Task to carry out:
After locating the line with "line L6 (39.9142, 8.9142)" in the data that follows, return it and every later line exactly, up to and including the line with "normal blind 32".

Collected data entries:
- - - - - - -
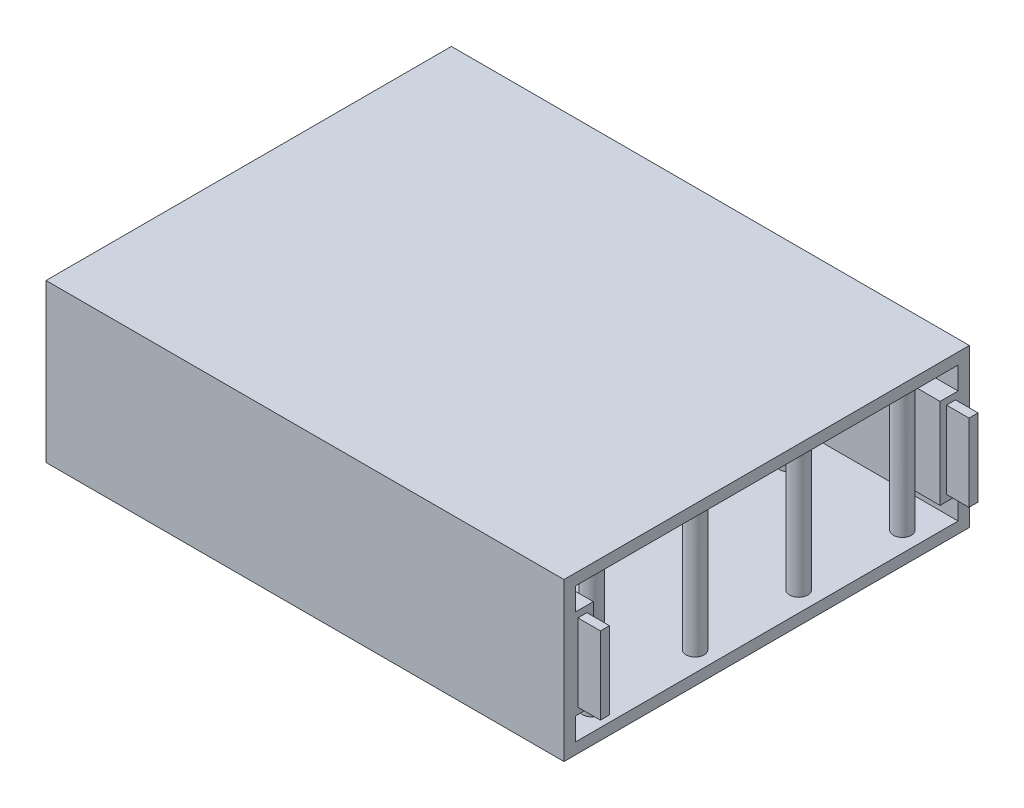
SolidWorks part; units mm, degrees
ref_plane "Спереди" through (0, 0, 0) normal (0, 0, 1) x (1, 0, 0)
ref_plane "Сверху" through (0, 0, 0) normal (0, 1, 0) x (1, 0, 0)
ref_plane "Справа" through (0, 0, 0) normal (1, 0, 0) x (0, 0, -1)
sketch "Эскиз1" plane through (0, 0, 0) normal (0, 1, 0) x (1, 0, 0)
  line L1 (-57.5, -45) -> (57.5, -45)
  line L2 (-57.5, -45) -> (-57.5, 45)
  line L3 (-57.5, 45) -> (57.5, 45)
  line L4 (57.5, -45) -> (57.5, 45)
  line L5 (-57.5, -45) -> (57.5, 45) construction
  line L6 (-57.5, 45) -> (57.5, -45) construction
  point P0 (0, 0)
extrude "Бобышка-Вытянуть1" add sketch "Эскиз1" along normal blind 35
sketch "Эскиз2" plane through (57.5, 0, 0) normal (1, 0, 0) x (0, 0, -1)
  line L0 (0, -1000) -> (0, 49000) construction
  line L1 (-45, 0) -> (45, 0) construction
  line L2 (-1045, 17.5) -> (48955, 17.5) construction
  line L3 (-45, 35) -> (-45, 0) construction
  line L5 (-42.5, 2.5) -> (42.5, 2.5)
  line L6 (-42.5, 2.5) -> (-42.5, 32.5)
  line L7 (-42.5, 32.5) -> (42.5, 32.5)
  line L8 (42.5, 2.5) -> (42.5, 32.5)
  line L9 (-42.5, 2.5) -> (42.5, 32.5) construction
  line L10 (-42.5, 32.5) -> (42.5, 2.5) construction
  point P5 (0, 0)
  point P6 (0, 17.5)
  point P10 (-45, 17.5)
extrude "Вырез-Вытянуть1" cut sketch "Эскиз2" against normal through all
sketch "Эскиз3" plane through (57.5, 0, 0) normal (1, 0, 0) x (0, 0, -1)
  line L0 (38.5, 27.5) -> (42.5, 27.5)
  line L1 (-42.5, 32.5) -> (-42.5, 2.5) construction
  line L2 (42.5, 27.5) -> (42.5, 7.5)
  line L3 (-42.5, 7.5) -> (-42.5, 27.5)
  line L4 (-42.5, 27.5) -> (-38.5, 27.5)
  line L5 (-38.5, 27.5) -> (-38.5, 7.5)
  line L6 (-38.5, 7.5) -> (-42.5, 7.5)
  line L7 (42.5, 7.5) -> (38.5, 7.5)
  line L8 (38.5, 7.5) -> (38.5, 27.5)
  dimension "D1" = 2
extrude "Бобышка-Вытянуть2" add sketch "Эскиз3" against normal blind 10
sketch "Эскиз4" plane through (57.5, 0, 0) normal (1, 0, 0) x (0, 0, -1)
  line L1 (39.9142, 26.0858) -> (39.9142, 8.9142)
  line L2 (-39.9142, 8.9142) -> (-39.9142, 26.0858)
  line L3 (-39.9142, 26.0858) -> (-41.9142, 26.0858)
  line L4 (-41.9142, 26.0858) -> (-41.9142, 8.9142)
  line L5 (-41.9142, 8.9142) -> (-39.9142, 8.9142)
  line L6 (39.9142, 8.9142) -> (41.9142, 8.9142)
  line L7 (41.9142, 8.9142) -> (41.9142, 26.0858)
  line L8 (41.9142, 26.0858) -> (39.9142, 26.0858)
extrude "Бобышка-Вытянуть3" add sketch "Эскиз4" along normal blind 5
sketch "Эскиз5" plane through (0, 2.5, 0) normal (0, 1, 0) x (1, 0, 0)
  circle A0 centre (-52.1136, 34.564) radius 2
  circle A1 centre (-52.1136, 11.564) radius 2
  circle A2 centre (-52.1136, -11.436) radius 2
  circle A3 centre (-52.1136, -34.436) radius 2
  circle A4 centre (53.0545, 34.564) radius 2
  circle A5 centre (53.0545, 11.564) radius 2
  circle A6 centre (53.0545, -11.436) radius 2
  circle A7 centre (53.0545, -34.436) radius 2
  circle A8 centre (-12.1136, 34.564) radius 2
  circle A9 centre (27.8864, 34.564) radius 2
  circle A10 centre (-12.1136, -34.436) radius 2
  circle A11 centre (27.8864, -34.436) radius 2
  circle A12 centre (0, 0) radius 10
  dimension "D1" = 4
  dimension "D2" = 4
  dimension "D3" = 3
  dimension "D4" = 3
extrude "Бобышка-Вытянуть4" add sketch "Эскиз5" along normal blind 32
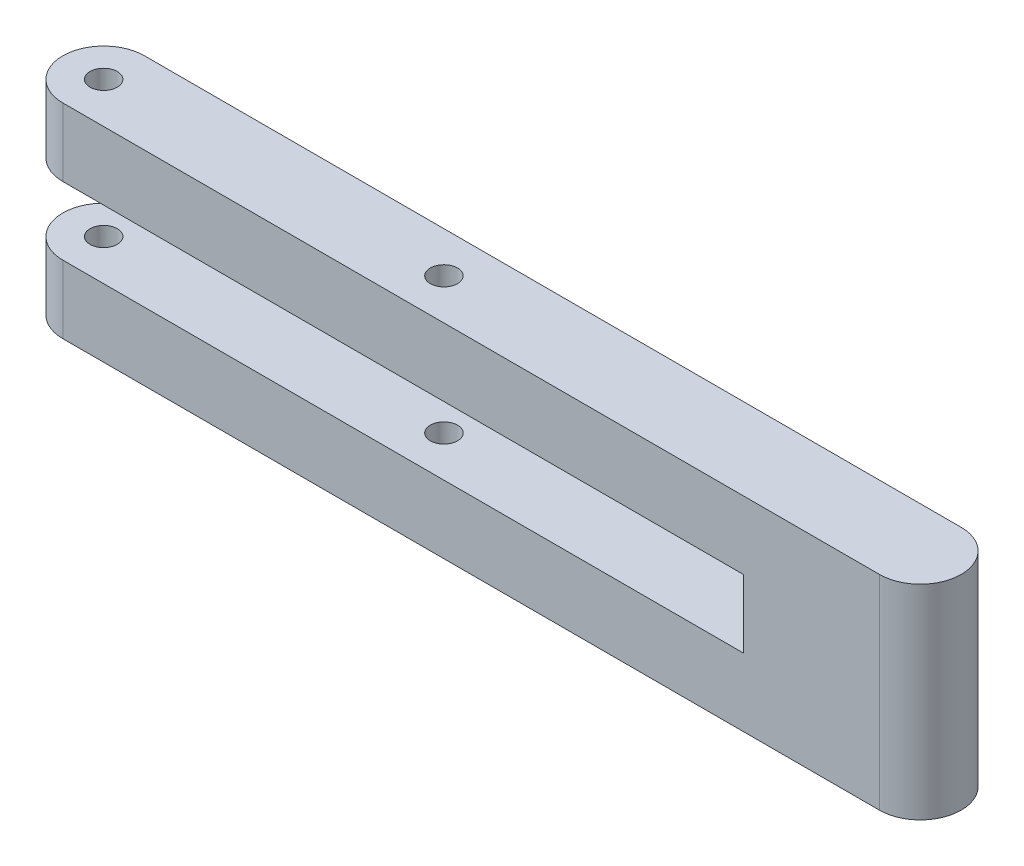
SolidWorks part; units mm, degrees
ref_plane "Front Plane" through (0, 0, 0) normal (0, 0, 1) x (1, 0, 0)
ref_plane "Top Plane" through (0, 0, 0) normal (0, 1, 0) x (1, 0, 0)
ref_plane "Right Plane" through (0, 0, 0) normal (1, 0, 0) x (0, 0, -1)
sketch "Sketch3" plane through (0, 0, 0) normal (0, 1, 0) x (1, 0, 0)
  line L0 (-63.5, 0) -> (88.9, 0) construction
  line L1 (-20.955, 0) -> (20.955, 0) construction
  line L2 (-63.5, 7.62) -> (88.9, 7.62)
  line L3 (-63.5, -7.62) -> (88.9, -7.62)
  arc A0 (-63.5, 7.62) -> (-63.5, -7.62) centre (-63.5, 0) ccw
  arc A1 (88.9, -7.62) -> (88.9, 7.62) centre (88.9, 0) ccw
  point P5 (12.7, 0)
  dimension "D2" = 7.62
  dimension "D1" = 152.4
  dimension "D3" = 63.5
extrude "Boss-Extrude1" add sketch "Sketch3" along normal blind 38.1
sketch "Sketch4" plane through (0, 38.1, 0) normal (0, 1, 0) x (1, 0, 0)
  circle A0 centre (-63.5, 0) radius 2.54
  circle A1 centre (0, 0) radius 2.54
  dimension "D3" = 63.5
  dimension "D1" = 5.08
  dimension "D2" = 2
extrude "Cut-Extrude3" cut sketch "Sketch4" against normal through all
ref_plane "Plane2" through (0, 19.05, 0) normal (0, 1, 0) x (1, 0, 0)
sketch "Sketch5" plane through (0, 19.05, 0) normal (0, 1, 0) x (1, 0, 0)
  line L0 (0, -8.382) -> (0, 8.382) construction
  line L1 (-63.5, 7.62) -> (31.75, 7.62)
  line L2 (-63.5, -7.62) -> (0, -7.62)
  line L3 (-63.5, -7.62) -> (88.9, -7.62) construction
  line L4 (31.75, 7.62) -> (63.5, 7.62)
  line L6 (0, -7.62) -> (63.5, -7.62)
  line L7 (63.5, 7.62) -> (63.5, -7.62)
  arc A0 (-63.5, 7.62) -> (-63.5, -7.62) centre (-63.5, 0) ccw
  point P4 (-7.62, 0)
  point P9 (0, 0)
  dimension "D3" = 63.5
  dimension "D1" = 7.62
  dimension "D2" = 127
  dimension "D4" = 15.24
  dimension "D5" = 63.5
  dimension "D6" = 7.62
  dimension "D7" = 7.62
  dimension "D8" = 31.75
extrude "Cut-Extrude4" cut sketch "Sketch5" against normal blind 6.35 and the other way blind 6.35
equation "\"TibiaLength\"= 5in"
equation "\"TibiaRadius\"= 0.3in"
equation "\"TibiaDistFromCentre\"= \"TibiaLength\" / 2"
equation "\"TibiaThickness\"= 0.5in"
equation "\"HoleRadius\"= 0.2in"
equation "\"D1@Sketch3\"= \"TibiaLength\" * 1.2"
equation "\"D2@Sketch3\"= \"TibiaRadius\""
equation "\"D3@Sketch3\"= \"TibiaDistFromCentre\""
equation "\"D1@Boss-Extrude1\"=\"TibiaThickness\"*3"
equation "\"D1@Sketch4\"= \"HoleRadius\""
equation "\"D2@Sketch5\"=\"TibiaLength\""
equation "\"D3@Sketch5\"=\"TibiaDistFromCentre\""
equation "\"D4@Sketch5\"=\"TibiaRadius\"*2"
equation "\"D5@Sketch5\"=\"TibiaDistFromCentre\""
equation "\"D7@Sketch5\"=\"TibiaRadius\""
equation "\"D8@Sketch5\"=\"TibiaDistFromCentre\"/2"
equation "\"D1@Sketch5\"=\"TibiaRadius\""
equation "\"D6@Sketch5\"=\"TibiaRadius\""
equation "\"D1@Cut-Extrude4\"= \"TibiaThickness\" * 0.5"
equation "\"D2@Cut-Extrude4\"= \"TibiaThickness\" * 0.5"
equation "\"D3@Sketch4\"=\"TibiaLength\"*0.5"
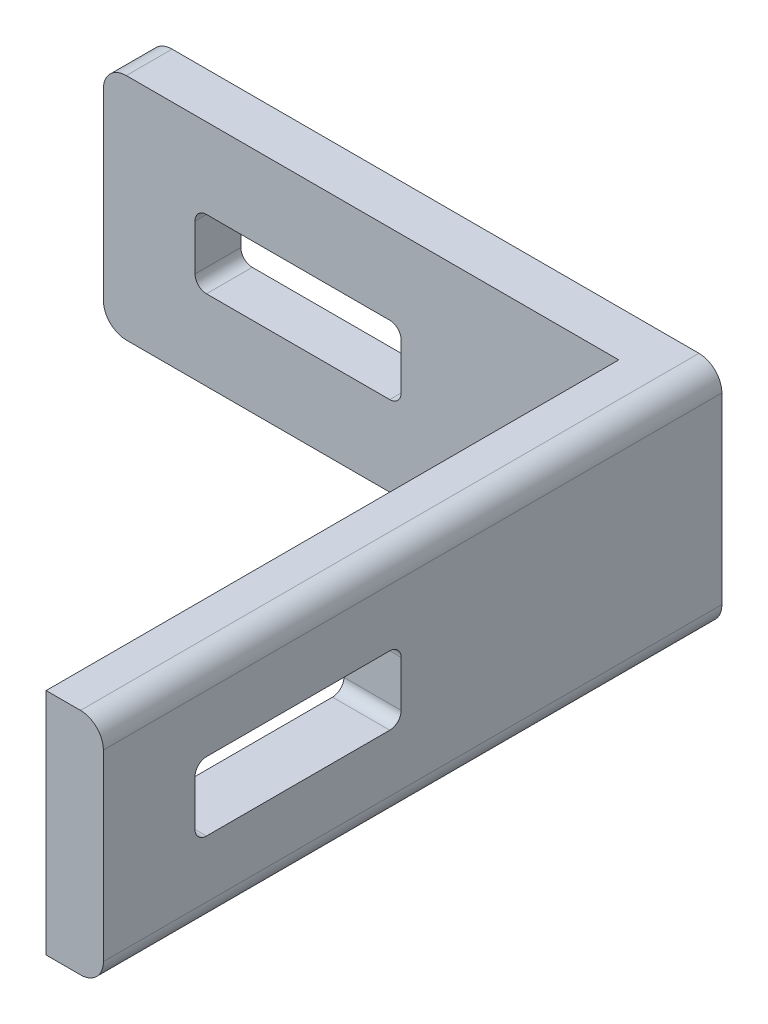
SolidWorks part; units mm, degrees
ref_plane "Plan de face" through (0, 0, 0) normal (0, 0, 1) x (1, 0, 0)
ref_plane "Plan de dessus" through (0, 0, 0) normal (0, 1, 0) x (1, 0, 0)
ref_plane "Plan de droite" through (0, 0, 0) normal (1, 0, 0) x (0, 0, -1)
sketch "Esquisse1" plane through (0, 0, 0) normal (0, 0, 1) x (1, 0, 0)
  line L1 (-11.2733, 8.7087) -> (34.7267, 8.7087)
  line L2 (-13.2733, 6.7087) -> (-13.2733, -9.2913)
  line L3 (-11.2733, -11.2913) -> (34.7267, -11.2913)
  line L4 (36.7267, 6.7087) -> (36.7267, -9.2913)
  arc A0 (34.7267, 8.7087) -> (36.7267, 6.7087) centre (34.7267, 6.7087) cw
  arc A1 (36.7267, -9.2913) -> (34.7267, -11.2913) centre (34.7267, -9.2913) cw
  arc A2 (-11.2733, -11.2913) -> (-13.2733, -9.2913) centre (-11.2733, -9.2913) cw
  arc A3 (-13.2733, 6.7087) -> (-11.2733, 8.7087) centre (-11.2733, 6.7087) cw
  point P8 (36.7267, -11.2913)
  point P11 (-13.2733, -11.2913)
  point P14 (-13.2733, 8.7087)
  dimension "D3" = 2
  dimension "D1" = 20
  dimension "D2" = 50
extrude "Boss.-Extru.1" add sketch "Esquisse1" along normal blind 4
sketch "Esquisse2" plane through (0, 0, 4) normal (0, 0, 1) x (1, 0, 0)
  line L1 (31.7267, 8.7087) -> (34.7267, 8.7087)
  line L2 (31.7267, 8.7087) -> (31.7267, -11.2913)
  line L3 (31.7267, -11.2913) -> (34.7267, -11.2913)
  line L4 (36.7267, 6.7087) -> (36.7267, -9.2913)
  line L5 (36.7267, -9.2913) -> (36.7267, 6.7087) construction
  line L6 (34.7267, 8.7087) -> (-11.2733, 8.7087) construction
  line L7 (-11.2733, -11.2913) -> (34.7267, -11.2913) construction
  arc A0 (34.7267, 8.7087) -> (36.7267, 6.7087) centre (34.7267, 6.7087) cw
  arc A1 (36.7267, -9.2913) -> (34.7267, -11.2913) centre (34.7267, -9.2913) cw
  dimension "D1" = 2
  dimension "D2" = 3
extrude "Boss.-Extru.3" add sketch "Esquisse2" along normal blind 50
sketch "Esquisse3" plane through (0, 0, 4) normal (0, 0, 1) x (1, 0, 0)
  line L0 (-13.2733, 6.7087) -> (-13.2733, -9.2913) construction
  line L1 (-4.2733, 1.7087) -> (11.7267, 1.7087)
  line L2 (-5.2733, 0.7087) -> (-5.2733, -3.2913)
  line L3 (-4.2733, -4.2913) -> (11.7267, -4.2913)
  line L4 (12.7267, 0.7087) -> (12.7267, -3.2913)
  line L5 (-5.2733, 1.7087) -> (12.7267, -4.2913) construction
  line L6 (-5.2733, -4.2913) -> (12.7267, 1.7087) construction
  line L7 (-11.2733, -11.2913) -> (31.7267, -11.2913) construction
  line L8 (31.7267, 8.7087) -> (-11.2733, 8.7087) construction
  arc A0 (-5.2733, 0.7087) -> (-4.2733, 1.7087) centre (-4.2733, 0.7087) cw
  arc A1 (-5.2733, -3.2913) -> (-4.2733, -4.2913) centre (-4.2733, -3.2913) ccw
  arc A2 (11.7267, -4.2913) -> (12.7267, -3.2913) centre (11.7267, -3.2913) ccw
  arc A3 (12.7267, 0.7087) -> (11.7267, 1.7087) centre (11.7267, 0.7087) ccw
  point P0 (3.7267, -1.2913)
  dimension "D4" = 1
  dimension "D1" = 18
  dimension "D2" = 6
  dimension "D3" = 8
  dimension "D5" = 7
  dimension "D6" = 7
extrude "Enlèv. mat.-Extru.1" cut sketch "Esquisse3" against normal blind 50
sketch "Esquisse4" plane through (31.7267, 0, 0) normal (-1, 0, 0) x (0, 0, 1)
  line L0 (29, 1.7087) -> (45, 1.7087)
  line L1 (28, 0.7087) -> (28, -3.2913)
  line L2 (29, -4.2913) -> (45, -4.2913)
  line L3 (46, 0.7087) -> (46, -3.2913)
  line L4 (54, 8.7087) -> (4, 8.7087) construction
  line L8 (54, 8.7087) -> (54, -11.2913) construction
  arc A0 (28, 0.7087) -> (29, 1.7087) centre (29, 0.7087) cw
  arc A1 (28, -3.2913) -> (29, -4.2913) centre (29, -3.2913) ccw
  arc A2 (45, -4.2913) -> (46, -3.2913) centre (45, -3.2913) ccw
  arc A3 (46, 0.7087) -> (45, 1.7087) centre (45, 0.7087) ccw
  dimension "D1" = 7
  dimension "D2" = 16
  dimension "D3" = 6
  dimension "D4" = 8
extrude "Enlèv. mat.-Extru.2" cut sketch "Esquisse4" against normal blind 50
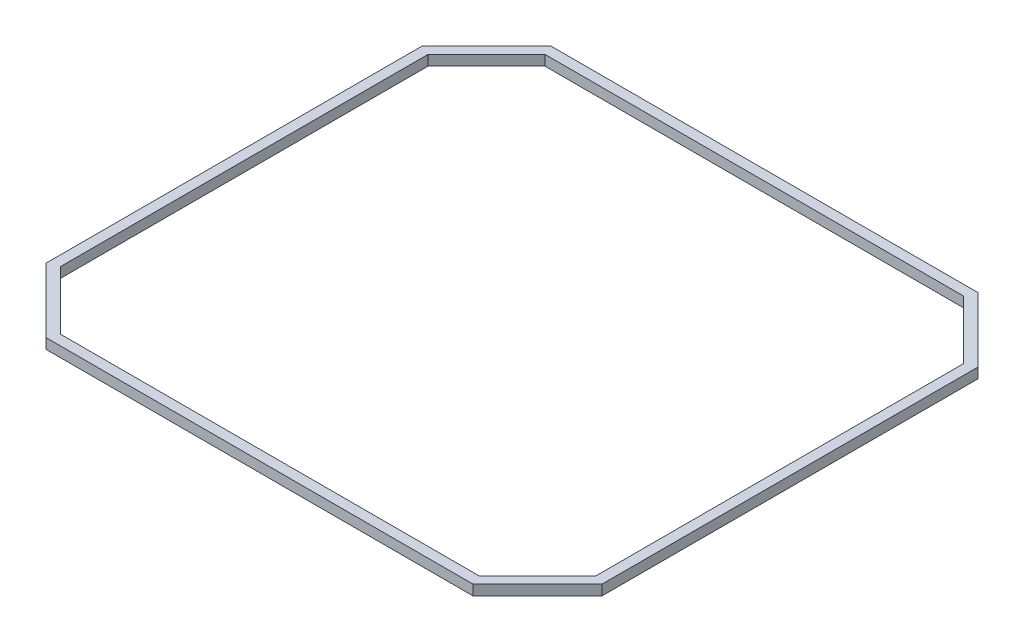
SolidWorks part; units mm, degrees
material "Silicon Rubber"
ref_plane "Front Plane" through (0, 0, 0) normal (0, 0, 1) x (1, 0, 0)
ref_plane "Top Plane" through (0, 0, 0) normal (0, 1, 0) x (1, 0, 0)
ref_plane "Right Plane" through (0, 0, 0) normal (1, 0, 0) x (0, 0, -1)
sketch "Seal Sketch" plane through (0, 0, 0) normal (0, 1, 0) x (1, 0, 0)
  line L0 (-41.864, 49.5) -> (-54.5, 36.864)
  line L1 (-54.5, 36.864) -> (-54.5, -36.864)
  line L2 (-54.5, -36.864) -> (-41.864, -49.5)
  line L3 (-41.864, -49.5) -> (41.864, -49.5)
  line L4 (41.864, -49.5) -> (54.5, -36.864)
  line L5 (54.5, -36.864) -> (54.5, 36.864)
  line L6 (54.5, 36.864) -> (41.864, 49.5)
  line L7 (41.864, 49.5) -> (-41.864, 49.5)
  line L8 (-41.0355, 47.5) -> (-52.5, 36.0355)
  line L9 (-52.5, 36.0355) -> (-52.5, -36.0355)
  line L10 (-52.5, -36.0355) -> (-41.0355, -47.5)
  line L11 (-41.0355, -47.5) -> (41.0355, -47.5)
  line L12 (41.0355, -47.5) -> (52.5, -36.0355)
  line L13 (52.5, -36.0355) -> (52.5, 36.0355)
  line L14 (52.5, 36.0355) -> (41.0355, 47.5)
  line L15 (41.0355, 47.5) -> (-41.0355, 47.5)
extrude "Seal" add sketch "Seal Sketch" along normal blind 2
- - - - - - -
Written answer:
  line L6 (39.9142, 8.9142) -> (41.9142, 8.9142)
  line L7 (41.9142, 8.9142) -> (41.9142, 26.0858)
  line L8 (41.9142, 26.0858) -> (39.9142, 26.0858)
extrude "Бобышка-Вытянуть3" add sketch "Эскиз4" along normal blind 5
sketch "Эскиз5" plane through (0, 2.5, 0) normal (0, 1, 0) x (1, 0, 0)
  circle A0 centre (-52.1136, 34.564) radius 2
  circle A1 centre (-52.1136, 11.564) radius 2
  circle A2 centre (-52.1136, -11.436) radius 2
  circle A3 centre (-52.1136, -34.436) radius 2
  circle A4 centre (53.0545, 34.564) radius 2
  circle A5 centre (53.0545, 11.564) radius 2
  circle A6 centre (53.0545, -11.436) radius 2
  circle A7 centre (53.0545, -34.436) radius 2
  circle A8 centre (-12.1136, 34.564) radius 2
  circle A9 centre (27.8864, 34.564) radius 2
  circle A10 centre (-12.1136, -34.436) radius 2
  circle A11 centre (27.8864, -34.436) radius 2
  circle A12 centre (0, 0) radius 10
  dimension "D1" = 4
  dimension "D2" = 4
  dimension "D3" = 3
  dimension "D4" = 3
extrude "Бобышка-Вытянуть4" add sketch "Эскиз5" along normal blind 32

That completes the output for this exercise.